_Supplied data_:
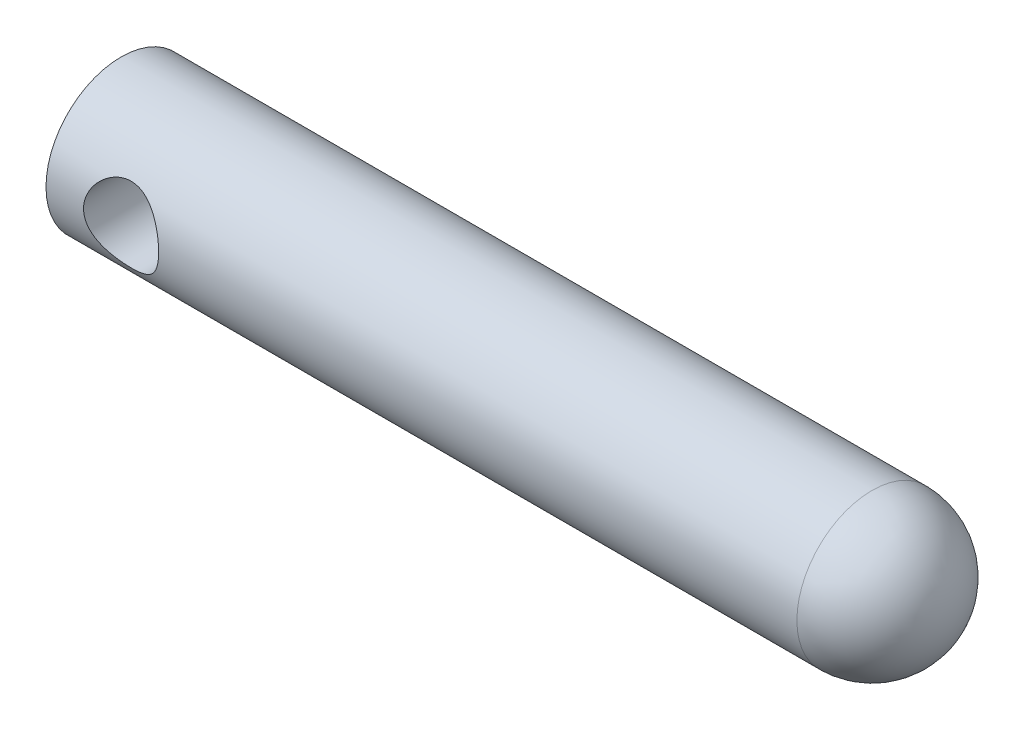
SolidWorks part; units mm, degrees
ref_plane "Front Plane" through (0, 0, 0) normal (0, 0, 1) x (1, 0, 0)
ref_plane "Top Plane" through (0, 0, 0) normal (0, 1, 0) x (1, 0, 0)
ref_plane "Right Plane" through (0, 0, 0) normal (1, 0, 0) x (0, 0, -1)
sketch "Sketch1" plane through (0, 0, 0) normal (1, 0, 0) x (0, 0, -1)
  circle A0 centre (0, 0) radius 2
extrude "Boss-Extrude1" add sketch "Sketch1" along normal blind 22 contours A0
ref_plane "Plane1" through (0, 0, 2) normal (0, 0, 1) x (1, 0, 0)
sketch "Sketch2" plane through (0, 0, 2) normal (0, 0, 1) x (1, 0, 0)
  circle A0 centre (2, 0) radius 1
extrude "Cut-Extrude1" cut sketch "Sketch2" against normal blind 4
fillet "Fillet2" radius 2 1 edges at (22, 0, -2)

_Try it_:
Your task is to copy every line in the entries that holds the string "sketch".

_Exercise answer_:
sketch "Sketch1" plane through (0, 0, 0) normal (1, 0, 0) x (0, 0, -1)
extrude "Boss-Extrude1" add sketch "Sketch1" along normal blind 22 contours A0
sketch "Sketch2" plane through (0, 0, 2) normal (0, 0, 1) x (1, 0, 0)
extrude "Cut-Extrude1" cut sketch "Sketch2" against normal blind 4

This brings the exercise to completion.